The Constellate team teaches live classes for member institutions based on our open educational lessons, licensed under the Creative Commons CC-BY license.

Here are some of the current classes:

Introduction to Text Analysis (12 sessions)
An introduction to text analysis, assuming no prior experience with Jupyter Notebooks or Python.


Python Basics (4 sessions)
An introduction to basic Python programming including operators, expressions, data types, variables, functions, flow control, lists, and dictionaries.


Building and Refining a Constellate Dataset (1-2 sessions)
An introduction to creating a research dataset with the Constellate dataset builder, including background on data types, features, and formats. Can include Pandas methods for working with metadata and refining research projects.

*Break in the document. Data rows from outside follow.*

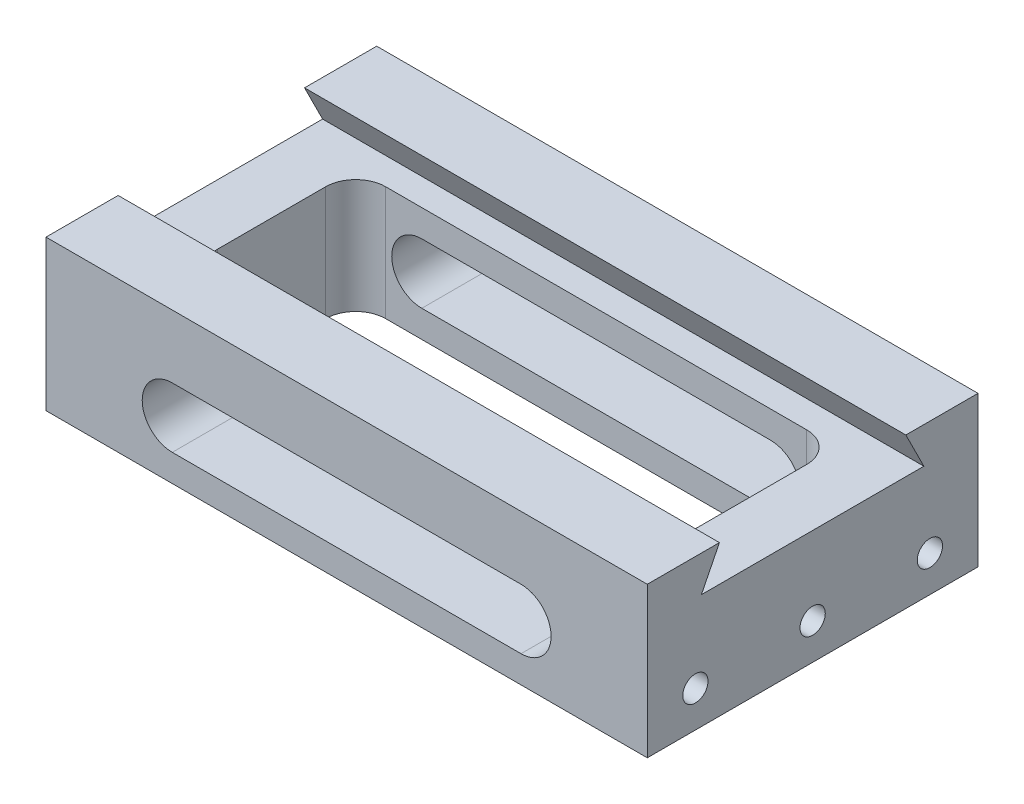
SolidWorks part; units mm, degrees
material "AISI 316 Stainless Steel Sheet (SS)"
ref_plane "Front Plane" through (0, 0, 0) normal (0, 0, 1) x (1, 0, 0)
ref_plane "Top Plane" through (0, 0, 0) normal (0, 1, 0) x (1, 0, 0)
ref_plane "Right Plane" through (0, 0, 0) normal (1, 0, 0) x (0, 0, -1)
sketch "Sketch1" plane through (0, 0, 0) normal (0, 1, 0) x (1, 0, 0)
  line L1 (-50, -27.5) -> (50, -27.5)
  line L2 (-50, -27.5) -> (-50, 27.5)
  line L3 (-50, 27.5) -> (50, 27.5)
  line L4 (50, -27.5) -> (50, 27.5)
  line L5 (-50, -27.5) -> (50, 27.5) construction
  line L6 (-50, 27.5) -> (50, -27.5) construction
  point P0 (0, 0)
  dimension "D1" = 100
  dimension "D2" = 55
extrude "Boss-Extrude1" add sketch "Sketch1" along normal blind 25
sketch "Sketch2" plane through (0, 25, 0) normal (0, 1, 0) x (1, 0, 0)
  line L1 (-35, -14) -> (35, -14)
  line L2 (-40, -9) -> (-40, 9)
  line L3 (-35, 14) -> (35, 14)
  line L4 (40, -9) -> (40, 9)
  line L5 (-40, -14) -> (40, 14) construction
  line L6 (-40, 14) -> (40, -14) construction
  arc A0 (-35, -14) -> (-40, -9) centre (-35, -9) cw
  arc A1 (35, -14) -> (40, -9) centre (35, -9) ccw
  arc A2 (35, 14) -> (40, 9) centre (35, 9) cw
  arc A3 (-40, 9) -> (-35, 14) centre (-35, 9) cw
  point P0 (0, 0)
  dimension "D3" = 5
  dimension "D1" = 80
  dimension "D2" = 28
extrude "Cut-Extrude1" cut sketch "Sketch2" against normal through all
sketch "Sketch3" plane through (50, 0, 0) normal (1, 0, 0) x (0, 0, -1)
  line L0 (15.5, 25) -> (18.5, 19)
  line L1 (-27.5, 25) -> (27.5, 25) construction
  line L2 (18.5, 19) -> (-18.5, 19)
  line L3 (0, 25) -> (0, 1.9451) construction
  line L4 (27.5, 25) -> (27.5, 0) construction
  line L5 (-15.5, 25) -> (15.5, 25)
  line L6 (-15.5, 25) -> (-18.5, 19)
  point P13 (0, 19)
  dimension "D1" = 12
  dimension "D2" = 9
  dimension "D3" = 6
extrude "Cut-Extrude2" cut sketch "Sketch3" against normal through all
sketch "Sketch4" plane through (0, 0, 27.5) normal (0, 0, 1) x (1, 0, 0)
  line L0 (-29, 9.5) -> (29, 9.5) construction
  line L1 (-29, 14.5) -> (29, 14.5)
  line L2 (-29, 4.5) -> (29, 4.5)
  line L3 (-50, 0) -> (50, 0) construction
  arc A0 (-29, 14.5) -> (-29, 4.5) centre (-29, 9.5) ccw
  arc A1 (29, 4.5) -> (29, 14.5) centre (29, 9.5) ccw
  point P2 (0, 9.5)
  dimension "D2" = 5
  dimension "D1" = 58
  dimension "D3" = 9.5
extrude "Cut-Extrude3" cut sketch "Sketch4" against normal through all
hole_wizard "M5x0.8 Tapped Hole1" positions "Sketch6" profile "Sketch7" tap size "M5x0.8" standard "ANSI Metric"
sketch "Sketch6" plane through (50, 0, 0) normal (1, 0, 0) x (0, 0, -1)
  line L0 (27.5, 25) -> (27.5, 0) construction
  line L1 (-27.5, 25) -> (-27.5, 0) construction
  line L2 (-27.5, 0) -> (27.5, 0) construction
  point P0 (-19.5, 6)
  point P2 (0, 6)
  point P4 (19.5, 6)
  dimension "D1" = 8
  dimension "D2" = 8
  dimension "D3" = 6
sketch "Sketch7" plane through (50, 6, 19.5) normal (0, 1, 0) x (0, 0, -1)
  line L0 (0, 0) -> (0, 8.7618)
  line L1 (0, 8.7618) -> (2.1, 7.5)
  line L2 (2.1, 7.5) -> (2.1, 0)
  line L5 (2.1, 0) -> (0, 0)
  line L10 (0, 8.7618) -> (-2.1, 7.5) construction
  line L11 (0, -6.35) -> (0, 107.95) construction
  dimension "Tap Drill Dia." = 4.2
  dimension "Tap Drill Depth" = 7.5
  dimension "Drill Angle" = 118
cosmetic thread "Hole Thread1" parameters "D1"=10, "D2"=5
cosmetic thread "Hole Thread2" parameters "D1"=10, "D2"=5
cosmetic thread "Hole Thread3" parameters "D1"=10, "D2"=5
mirror "Mirror1" about plane through (0, 0, 0) normal (1, 0, 0) of "M5x0.8 Tapped Hole1"
cosmetic thread "Hole Thread4" parameters "D1"=10, "D2"=5
cosmetic thread "Hole Thread5" parameters "D1"=10, "D2"=5
cosmetic thread "Hole Thread6" parameters "D1"=10, "D2"=5
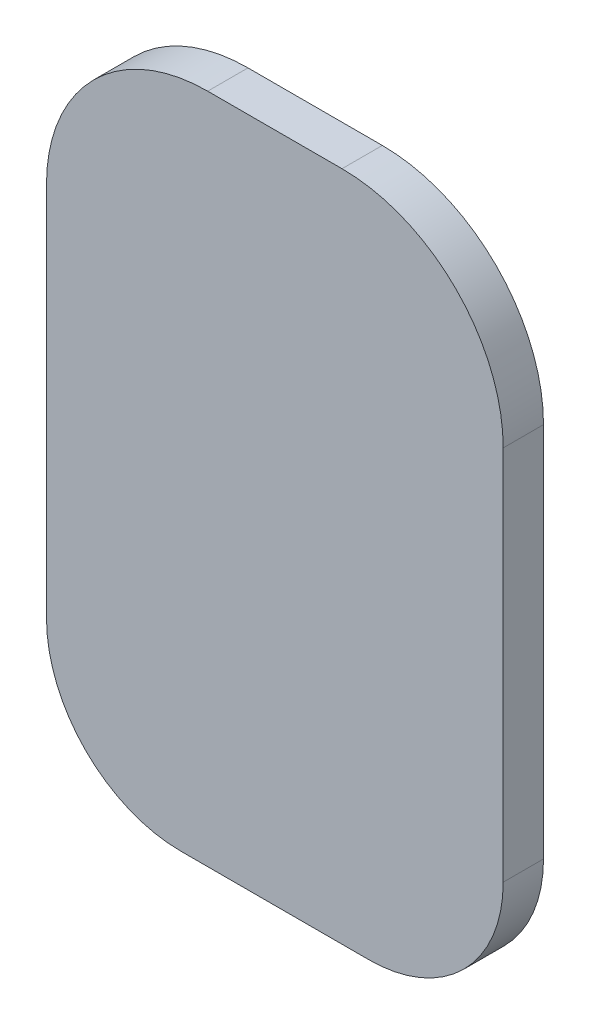
SolidWorks part; units mm, degrees
ref_plane "Front Plane" through (0, 0, 0) normal (0, 0, 1) x (1, 0, 0)
ref_plane "Top Plane" through (0, 0, 0) normal (0, 1, 0) x (1, 0, 0)
ref_plane "Right Plane" through (0, 0, 0) normal (1, 0, 0) x (0, 0, -1)
sketch "Sketch1" plane through (0, 0, 0) normal (0, 0, 1) x (1, 0, 0)
  line L0 (0, -21.5) -> (0, -71.5) construction
  line L1 (-17, -21.5) -> (17, -21.5) construction
  line L2 (-17, -21.5) -> (-17, -71.5) construction
  line L3 (-17, -71.5) -> (17, -71.5) construction
  line L4 (17, -21.5) -> (17, -71.5) construction
  line L5 (-5, -21.5) -> (5, -21.5)
  line L6 (-7, -71.5) -> (7, -71.5) construction
  line L7 (-17, -33.5) -> (17, -33.5) construction
  line L8 (-17, -33.5) -> (-17, -61.5)
  line L9 (-17, -61.5) -> (17, -61.5) construction
  line L10 (17, -33.5) -> (17, -61.5)
  line L11 (-0.5, -71.5) -> (0.5, -71.5) construction
  line L12 (-7, -71.5) -> (-0.5, -71.5)
  line L13 (0.5, -71.5) -> (7, -71.5)
  line L14 (-0.5, -71.5) -> (0.5, -71.5)
  arc A0 (-17, -33.5) -> (-5, -21.5) centre (-5, -33.5) cw
  arc A1 (5, -21.5) -> (17, -33.5) centre (5, -33.5) cw
  arc A2 (-17, -61.5) -> (-7, -71.5) centre (-7, -61.5) ccw
  arc A3 (7, -71.5) -> (17, -61.5) centre (7, -61.5) ccw
  point P10 (0, -21.5)
  point P19 (0, -71.5)
  point P23 (0, -71.5)
  point P24 (32.2937, 37.3696)
  point P26 (0, -5.3385)
  dimension "D3" = 12
  dimension "D4" = 10
  dimension "D1" = 50
  dimension "D2" = 34
  dimension "D5" = 1
  dimension "D6" = 21.5
extrude "Boss-Extrude1" add sketch "Sketch1" along normal blind 3

Word Frequencies and Word Clouds (1-2 sessions)
Create a dataset with the Constellate dataset builder. Learn how to extract n-grams, build a stopwords list, use counter objects, clean your data, save your output data, and create a word cloud visualization.


Significant Terms Analysis (1-2 sessions)
Create a dataset with the Constellate dataset builder. Learn how to compute Term Frequency Inverse Document Frequency (TF-IDF), use the Gensim library, find significant terms in a set of documents, and create a simple search engine.


Reading, Writing, and Cleaning Data with Python (3 sessions)
Learn to open, read, and write files in Python, including text files (.txt), comma-separated value files (.csv), and JavaScript Object Notation files (.json). Learn the basics of Pandas Series and DataFrames.


Pandas (3 sessions)
An introduction to working with data in Python Pandas including Series, DataFrames, accessing and changing data, boolean operators, and creating filters.


Tokenization (3 sessions)
An introduction to tokenizing your own texts for use with existing Constellate notebooks.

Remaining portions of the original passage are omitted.